## TO DO
The lines from the top of the data down to the line with "edge.add_arc((58, 69), 15, 45, 135, ccw=False)" should be repeated exactly, both ends included.

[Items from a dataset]
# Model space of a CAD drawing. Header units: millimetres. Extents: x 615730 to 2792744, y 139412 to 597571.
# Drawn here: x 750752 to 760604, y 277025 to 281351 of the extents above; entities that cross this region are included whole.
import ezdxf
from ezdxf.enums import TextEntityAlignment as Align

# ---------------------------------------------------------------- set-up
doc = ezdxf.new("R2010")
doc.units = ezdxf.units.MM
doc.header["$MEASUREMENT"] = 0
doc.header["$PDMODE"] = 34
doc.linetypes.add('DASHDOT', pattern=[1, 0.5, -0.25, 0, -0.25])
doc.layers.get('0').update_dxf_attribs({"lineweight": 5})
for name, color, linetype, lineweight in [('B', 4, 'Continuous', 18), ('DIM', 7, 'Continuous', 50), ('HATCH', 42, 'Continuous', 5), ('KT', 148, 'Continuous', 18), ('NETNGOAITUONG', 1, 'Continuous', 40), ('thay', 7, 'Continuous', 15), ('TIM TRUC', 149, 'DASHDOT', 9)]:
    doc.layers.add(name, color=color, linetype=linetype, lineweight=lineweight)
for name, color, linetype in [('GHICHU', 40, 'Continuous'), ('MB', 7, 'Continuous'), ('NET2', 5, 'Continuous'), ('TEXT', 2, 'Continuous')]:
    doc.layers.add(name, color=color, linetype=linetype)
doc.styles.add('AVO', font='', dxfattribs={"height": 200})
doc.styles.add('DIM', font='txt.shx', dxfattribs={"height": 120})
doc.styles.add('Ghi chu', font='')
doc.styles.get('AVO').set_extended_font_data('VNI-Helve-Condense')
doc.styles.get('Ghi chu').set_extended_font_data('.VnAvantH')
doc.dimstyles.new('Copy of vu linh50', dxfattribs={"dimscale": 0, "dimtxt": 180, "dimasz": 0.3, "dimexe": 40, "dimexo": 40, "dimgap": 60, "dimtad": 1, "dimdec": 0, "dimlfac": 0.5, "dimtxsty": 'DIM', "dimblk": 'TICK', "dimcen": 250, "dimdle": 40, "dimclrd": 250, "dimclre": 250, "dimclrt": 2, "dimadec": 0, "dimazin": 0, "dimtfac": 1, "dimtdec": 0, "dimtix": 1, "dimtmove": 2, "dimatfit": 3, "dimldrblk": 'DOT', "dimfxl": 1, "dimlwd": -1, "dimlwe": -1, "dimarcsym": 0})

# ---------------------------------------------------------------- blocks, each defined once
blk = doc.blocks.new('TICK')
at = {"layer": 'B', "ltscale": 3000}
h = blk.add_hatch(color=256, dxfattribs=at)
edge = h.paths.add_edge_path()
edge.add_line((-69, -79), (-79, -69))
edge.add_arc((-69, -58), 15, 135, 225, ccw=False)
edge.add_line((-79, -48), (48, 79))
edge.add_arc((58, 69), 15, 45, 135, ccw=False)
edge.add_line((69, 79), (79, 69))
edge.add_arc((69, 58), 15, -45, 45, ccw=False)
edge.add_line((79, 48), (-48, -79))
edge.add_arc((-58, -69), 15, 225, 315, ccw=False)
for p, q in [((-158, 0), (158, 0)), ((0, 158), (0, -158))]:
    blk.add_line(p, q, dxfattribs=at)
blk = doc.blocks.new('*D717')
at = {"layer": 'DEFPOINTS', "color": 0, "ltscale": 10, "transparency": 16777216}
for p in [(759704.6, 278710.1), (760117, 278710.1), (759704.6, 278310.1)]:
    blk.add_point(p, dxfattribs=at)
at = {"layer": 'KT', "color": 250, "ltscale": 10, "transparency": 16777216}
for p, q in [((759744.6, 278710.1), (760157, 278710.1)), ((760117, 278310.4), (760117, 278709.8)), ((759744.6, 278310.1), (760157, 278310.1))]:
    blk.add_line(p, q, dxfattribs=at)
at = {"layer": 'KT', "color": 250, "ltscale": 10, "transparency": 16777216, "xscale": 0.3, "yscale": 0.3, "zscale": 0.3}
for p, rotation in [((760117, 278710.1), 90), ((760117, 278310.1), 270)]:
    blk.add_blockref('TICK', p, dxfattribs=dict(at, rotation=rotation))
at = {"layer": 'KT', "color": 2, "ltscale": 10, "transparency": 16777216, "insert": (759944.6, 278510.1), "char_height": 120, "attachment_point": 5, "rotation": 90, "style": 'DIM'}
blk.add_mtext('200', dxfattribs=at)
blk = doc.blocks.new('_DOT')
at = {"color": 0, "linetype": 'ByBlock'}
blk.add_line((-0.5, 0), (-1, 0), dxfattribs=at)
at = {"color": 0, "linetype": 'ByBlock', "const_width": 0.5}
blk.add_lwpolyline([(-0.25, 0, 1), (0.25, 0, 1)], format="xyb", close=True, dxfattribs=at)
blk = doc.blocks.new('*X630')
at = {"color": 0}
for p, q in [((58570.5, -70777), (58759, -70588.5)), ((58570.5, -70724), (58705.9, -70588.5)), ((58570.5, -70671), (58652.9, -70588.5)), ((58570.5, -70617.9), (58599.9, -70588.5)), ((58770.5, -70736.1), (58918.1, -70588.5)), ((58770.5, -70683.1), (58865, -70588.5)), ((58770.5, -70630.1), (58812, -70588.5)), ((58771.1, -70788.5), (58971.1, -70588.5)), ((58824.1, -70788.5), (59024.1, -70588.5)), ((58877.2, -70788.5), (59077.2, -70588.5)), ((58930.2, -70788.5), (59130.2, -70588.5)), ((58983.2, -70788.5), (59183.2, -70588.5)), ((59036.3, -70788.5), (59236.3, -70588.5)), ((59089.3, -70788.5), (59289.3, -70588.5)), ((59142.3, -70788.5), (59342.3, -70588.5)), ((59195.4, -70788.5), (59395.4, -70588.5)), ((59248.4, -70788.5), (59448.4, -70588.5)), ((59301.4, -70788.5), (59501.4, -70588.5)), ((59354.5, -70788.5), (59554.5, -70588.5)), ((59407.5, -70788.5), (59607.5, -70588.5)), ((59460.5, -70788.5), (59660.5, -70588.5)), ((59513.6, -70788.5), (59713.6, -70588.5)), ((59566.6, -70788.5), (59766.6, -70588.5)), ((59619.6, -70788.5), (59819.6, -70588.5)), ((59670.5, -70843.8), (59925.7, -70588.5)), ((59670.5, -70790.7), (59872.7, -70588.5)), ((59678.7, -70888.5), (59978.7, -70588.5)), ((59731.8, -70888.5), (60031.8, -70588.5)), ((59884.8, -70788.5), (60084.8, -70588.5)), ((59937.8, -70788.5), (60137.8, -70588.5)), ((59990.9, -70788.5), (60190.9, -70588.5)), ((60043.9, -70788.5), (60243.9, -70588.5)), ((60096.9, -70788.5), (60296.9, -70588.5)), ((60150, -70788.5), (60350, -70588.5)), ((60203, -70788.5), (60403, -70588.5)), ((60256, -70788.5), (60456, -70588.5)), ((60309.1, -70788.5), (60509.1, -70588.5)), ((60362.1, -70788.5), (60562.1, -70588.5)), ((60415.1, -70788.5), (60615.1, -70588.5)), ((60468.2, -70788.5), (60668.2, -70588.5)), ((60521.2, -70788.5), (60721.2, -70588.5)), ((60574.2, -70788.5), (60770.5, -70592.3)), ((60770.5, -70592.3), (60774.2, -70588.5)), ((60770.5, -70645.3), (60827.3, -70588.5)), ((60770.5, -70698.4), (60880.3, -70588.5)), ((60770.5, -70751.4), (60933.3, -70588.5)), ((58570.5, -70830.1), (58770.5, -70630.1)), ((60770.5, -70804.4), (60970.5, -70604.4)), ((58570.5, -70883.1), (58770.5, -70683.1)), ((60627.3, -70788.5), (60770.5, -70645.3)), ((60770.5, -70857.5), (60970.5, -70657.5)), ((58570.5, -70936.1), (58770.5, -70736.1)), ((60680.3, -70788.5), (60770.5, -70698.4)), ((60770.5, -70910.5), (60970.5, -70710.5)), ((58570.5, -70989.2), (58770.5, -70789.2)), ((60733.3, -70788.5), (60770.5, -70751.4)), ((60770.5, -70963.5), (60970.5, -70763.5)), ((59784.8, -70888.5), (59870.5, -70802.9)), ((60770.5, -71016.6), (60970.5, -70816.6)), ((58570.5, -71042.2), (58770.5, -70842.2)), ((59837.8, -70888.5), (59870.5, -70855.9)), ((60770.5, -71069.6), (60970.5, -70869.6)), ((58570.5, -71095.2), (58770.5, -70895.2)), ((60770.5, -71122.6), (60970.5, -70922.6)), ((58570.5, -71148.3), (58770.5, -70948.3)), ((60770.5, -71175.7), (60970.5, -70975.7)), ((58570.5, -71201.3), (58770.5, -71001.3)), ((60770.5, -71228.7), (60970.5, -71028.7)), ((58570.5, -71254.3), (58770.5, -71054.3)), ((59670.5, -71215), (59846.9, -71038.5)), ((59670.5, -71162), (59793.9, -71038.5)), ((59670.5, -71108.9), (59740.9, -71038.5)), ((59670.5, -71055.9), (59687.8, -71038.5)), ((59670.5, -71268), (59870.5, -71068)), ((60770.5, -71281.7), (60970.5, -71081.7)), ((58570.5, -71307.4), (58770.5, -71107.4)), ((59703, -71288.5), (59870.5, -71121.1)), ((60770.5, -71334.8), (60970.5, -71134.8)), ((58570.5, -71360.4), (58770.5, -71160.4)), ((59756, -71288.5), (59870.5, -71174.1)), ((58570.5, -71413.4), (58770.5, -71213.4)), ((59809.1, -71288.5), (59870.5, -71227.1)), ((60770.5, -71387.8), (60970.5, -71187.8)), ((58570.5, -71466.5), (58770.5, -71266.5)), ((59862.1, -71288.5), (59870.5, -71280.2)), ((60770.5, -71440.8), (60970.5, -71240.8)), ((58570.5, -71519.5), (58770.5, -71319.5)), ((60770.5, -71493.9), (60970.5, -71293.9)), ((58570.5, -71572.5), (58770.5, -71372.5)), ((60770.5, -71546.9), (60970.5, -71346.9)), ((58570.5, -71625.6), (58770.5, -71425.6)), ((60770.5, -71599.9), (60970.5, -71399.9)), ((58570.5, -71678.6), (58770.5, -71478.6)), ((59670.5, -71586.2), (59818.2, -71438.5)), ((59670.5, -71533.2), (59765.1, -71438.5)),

## RESULT OF THE TASK
# Model space of a CAD drawing. Header units: millimetres. Extents: x 615730 to 2792744, y 139412 to 597571.
# Drawn here: x 750752 to 760604, y 277025 to 281351 of the extents above; entities that cross this region are included whole.
import ezdxf
from ezdxf.enums import TextEntityAlignment as Align

# ---------------------------------------------------------------- set-up
doc = ezdxf.new("R2010")
doc.units = ezdxf.units.MM
doc.header["$MEASUREMENT"] = 0
doc.header["$PDMODE"] = 34
doc.linetypes.add('DASHDOT', pattern=[1, 0.5, -0.25, 0, -0.25])
doc.layers.get('0').update_dxf_attribs({"lineweight": 5})
for name, color, linetype, lineweight in [('B', 4, 'Continuous', 18), ('DIM', 7, 'Continuous', 50), ('HATCH', 42, 'Continuous', 5), ('KT', 148, 'Continuous', 18), ('NETNGOAITUONG', 1, 'Continuous', 40), ('thay', 7, 'Continuous', 15), ('TIM TRUC', 149, 'DASHDOT', 9)]:
    doc.layers.add(name, color=color, linetype=linetype, lineweight=lineweight)
for name, color, linetype in [('GHICHU', 40, 'Continuous'), ('MB', 7, 'Continuous'), ('NET2', 5, 'Continuous'), ('TEXT', 2, 'Continuous')]:
    doc.layers.add(name, color=color, linetype=linetype)
doc.styles.add('AVO', font='', dxfattribs={"height": 200})
doc.styles.add('DIM', font='txt.shx', dxfattribs={"height": 120})
doc.styles.add('Ghi chu', font='')
doc.styles.get('AVO').set_extended_font_data('VNI-Helve-Condense')
doc.styles.get('Ghi chu').set_extended_font_data('.VnAvantH')
doc.dimstyles.new('Copy of vu linh50', dxfattribs={"dimscale": 0, "dimtxt": 180, "dimasz": 0.3, "dimexe": 40, "dimexo": 40, "dimgap": 60, "dimtad": 1, "dimdec": 0, "dimlfac": 0.5, "dimtxsty": 'DIM', "dimblk": 'TICK', "dimcen": 250, "dimdle": 40, "dimclrd": 250, "dimclre": 250, "dimclrt": 2, "dimadec": 0, "dimazin": 0, "dimtfac": 1, "dimtdec": 0, "dimtix": 1, "dimtmove": 2, "dimatfit": 3, "dimldrblk": 'DOT', "dimfxl": 1, "dimlwd": -1, "dimlwe": -1, "dimarcsym": 0})

# ---------------------------------------------------------------- blocks, each defined once
blk = doc.blocks.new('TICK')
at = {"layer": 'B', "ltscale": 3000}
h = blk.add_hatch(color=256, dxfattribs=at)
edge = h.paths.add_edge_path()
edge.add_line((-69, -79), (-79, -69))
edge.add_arc((-69, -58), 15, 135, 225, ccw=False)
edge.add_line((-79, -48), (48, 79))
edge.add_arc((58, 69), 15, 45, 135, ccw=False)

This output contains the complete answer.